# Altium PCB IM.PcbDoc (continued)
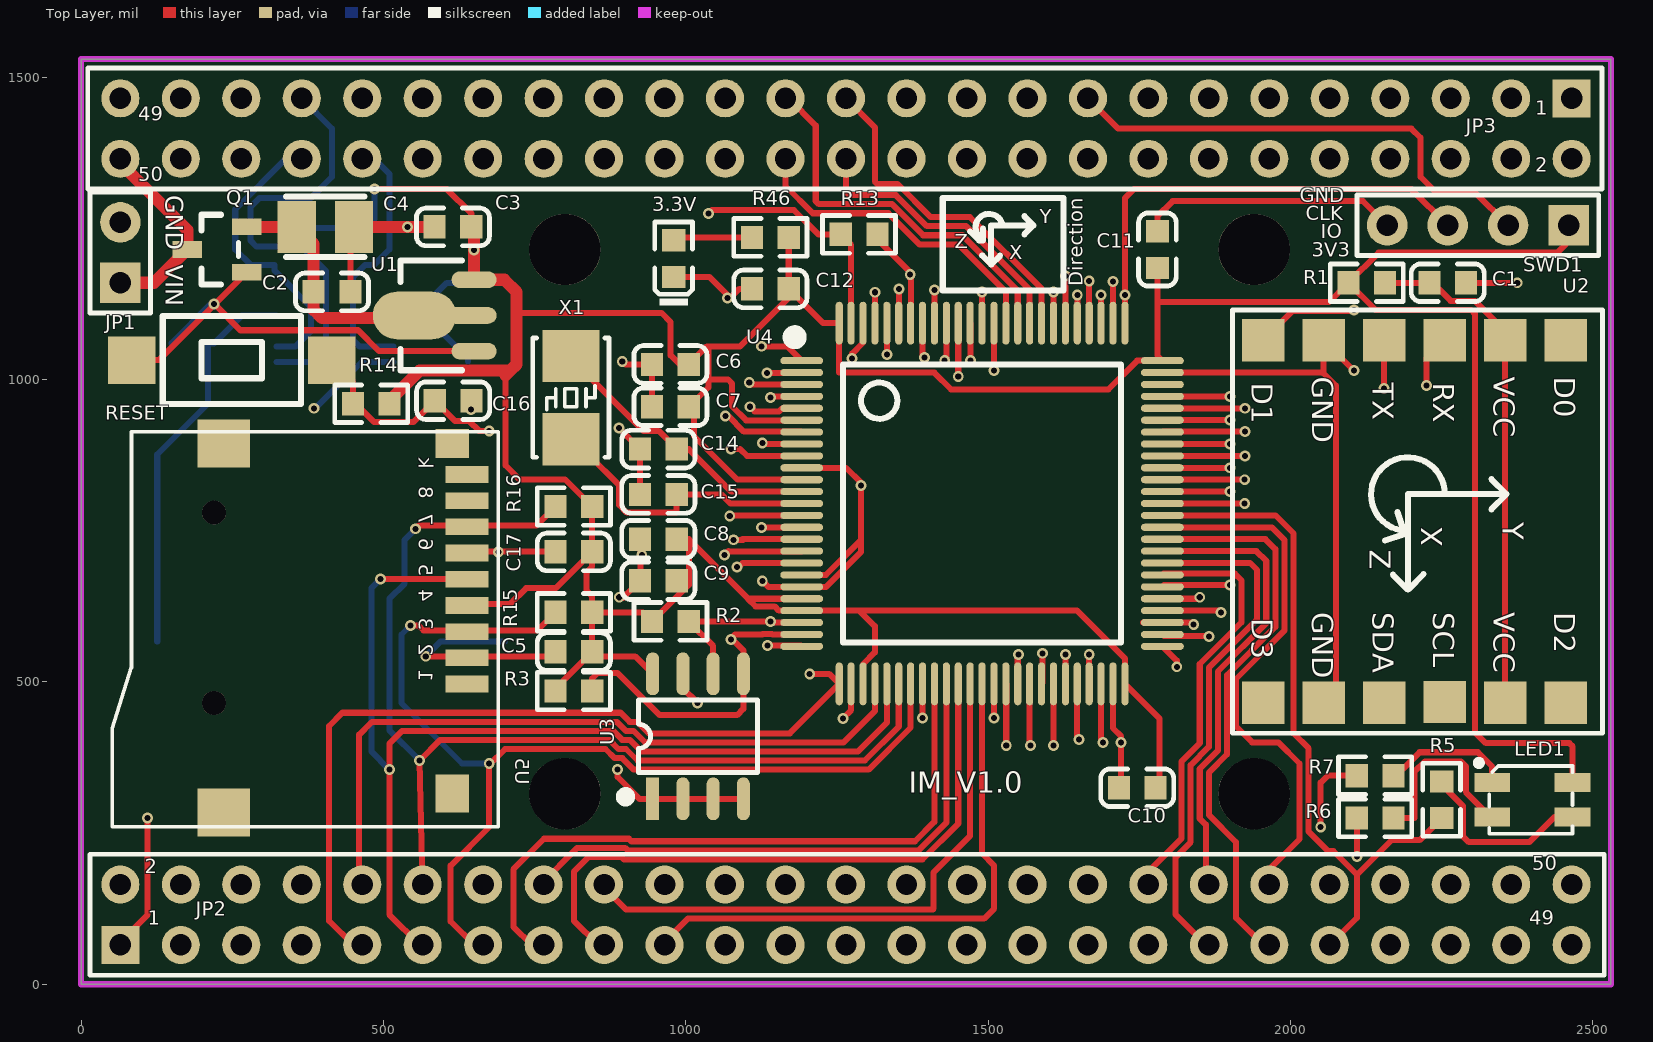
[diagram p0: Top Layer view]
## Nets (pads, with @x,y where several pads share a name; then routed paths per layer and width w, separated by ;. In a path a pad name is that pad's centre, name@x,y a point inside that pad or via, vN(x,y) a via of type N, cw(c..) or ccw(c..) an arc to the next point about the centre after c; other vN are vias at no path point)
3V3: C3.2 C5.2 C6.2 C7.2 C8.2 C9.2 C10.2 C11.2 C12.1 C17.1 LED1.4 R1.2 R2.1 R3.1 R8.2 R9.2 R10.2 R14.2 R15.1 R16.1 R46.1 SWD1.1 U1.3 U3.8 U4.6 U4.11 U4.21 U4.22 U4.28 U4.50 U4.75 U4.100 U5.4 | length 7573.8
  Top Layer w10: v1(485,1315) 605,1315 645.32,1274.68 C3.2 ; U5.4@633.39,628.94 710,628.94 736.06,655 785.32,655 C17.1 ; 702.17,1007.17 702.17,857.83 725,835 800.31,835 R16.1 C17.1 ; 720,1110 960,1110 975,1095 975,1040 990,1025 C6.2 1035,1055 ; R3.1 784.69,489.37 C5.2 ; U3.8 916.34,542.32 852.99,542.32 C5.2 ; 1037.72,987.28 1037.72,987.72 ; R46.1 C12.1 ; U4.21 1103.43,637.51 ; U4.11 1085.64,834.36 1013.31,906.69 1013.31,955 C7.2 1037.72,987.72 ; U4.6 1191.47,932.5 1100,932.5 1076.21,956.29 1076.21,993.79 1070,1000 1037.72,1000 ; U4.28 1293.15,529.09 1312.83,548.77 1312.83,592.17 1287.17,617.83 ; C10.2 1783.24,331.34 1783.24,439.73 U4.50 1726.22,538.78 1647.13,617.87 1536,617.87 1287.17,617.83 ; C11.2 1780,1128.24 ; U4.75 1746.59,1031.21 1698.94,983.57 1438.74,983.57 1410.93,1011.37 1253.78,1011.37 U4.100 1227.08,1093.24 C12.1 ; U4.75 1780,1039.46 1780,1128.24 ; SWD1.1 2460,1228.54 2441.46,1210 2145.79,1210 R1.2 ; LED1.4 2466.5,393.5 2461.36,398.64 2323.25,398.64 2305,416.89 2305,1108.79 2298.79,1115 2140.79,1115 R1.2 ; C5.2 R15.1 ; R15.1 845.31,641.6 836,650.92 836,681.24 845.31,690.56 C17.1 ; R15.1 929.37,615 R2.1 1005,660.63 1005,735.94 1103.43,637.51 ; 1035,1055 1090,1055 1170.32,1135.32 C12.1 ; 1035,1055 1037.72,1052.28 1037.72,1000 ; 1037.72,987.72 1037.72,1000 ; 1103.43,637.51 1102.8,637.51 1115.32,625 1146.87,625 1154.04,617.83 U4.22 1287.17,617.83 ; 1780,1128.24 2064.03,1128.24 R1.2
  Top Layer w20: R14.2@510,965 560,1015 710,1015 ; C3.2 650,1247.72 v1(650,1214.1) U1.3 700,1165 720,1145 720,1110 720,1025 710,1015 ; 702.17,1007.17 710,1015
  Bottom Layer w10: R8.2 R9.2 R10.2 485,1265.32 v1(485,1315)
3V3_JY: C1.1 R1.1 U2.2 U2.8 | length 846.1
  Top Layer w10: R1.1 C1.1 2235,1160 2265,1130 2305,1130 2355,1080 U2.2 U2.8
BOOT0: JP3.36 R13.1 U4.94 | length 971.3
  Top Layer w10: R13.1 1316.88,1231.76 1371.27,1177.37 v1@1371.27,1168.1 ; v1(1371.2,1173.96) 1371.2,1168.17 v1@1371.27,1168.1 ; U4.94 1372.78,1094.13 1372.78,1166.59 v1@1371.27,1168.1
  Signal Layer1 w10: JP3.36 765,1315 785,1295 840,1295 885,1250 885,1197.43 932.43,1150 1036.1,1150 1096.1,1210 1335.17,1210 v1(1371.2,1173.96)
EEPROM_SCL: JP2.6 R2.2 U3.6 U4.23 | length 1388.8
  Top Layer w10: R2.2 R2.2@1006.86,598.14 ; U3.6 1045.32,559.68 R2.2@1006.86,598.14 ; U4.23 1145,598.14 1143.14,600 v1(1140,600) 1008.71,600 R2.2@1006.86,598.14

**Exercise:**
Could you copy the data above exactly, leaving the pictures out?

**Answer section:**
# Altium PCB IM.PcbDoc (continued)
[diagram p0: Top Layer view]
## Nets (pads, with @x,y where several pads share a name; then routed paths per layer and width w, separated by ;. In a path a pad name is that pad's centre, name@x,y a point inside that pad or via, vN(x,y) a via of type N, cw(c..) or ccw(c..) an arc to the next point about the centre after c; other vN are vias at no path point)
3V3: C3.2 C5.2 C6.2 C7.2 C8.2 C9.2 C10.2 C11.2 C12.1 C17.1 LED1.4 R1.2 R2.1 R3.1 R8.2 R9.2 R10.2 R14.2 R15.1 R16.1 R46.1 SWD1.1 U1.3 U3.8 U4.6 U4.11 U4.21 U4.22 U4.28 U4.50 U4.75 U4.100 U5.4 | length 7573.8
  Top Layer w10: v1(485,1315) 605,1315 645.32,1274.68 C3.2 ; U5.4@633.39,628.94 710,628.94 736.06,655 785.32,655 C17.1 ; 702.17,1007.17 702.17,857.83 725,835 800.31,835 R16.1 C17.1 ; 720,1110 960,1110 975,1095 975,1040 990,1025 C6.2 1035,1055 ; R3.1 784.69,489.37 C5.2 ; U3.8 916.34,542.32 852.99,542.32 C5.2 ; 1037.72,987.28 1037.72,987.72 ; R46.1 C12.1 ; U4.21 1103.43,637.51 ; U4.11 1085.64,834.36 1013.31,906.69 1013.31,955 C7.2 1037.72,987.72 ; U4.6 1191.47,932.5 1100,932.5 1076.21,956.29 1076.21,993.79 1070,1000 1037.72,1000 ; U4.28 1293.15,529.09 1312.83,548.77 1312.83,592.17 1287.17,617.83 ; C10.2 1783.24,331.34 1783.24,439.73 U4.50 1726.22,538.78 1647.13,617.87 1536,617.87 1287.17,617.83 ; C11.2 1780,1128.24 ; U4.75 1746.59,1031.21 1698.94,983.57 1438.74,983.57 1410.93,1011.37 1253.78,1011.37 U4.100 1227.08,1093.24 C12.1 ; U4.75 1780,1039.46 1780,1128.24 ; SWD1.1 2460,1228.54 2441.46,1210 2145.79,1210 R1.2 ; LED1.4 2466.5,393.5 2461.36,398.64 2323.25,398.64 2305,416.89 2305,1108.79 2298.79,1115 2140.79,1115 R1.2 ; C5.2 R15.1 ; R15.1 845.31,641.6 836,650.92 836,681.24 845.31,690.56 C17.1 ; R15.1 929.37,615 R2.1 1005,660.63 1005,735.94 1103.43,637.51 ; 1035,1055 1090,1055 1170.32,1135.32 C12.1 ; 1035,1055 1037.72,1052.28 1037.72,1000 ; 1037.72,987.72 1037.72,1000 ; 1103.43,637.51 1102.8,637.51 1115.32,625 1146.87,625 1154.04,617.83 U4.22 1287.17,617.83 ; 1780,1128.24 2064.03,1128.24 R1.2
  Top Layer w20: R14.2@510,965 560,1015 710,1015 ; C3.2 650,1247.72 v1(650,1214.1) U1.3 700,1165 720,1145 720,1110 720,1025 710,1015 ; 702.17,1007.17 710,1015
  Bottom Layer w10: R8.2 R9.2 R10.2 485,1265.32 v1(485,1315)
3V3_JY: C1.1 R1.1 U2.2 U2.8 | length 846.1
  Top Layer w10: R1.1 C1.1 2235,1160 2265,1130 2305,1130 2355,1080 U2.2 U2.8
BOOT0: JP3.36 R13.1 U4.94 | length 971.3
  Top Layer w10: R13.1 1316.88,1231.76 1371.27,1177.37 v1@1371.27,1168.1 ; v1(1371.2,1173.96) 1371.2,1168.17 v1@1371.27,1168.1 ; U4.94 1372.78,1094.13 1372.78,1166.59 v1@1371.27,1168.1
  Signal Layer1 w10: JP3.36 765,1315 785,1295 840,1295 885,1250 885,1197.43 932.43,1150 1036.1,1150 1096.1,1210 1335.17,1210 v1(1371.2,1173.96)
EEPROM_SCL: JP2.6 R2.2 U3.6 U4.23 | length 1388.8
  Top Layer w10: R2.2 R2.2@1006.86,598.14 ; U3.6 1045.32,559.68 R2.2@1006.86,598.14 ; U4.23 1145,598.14 1143.14,600 v1(1140,600) 1008.71,600 R2.2@1006.86,598.14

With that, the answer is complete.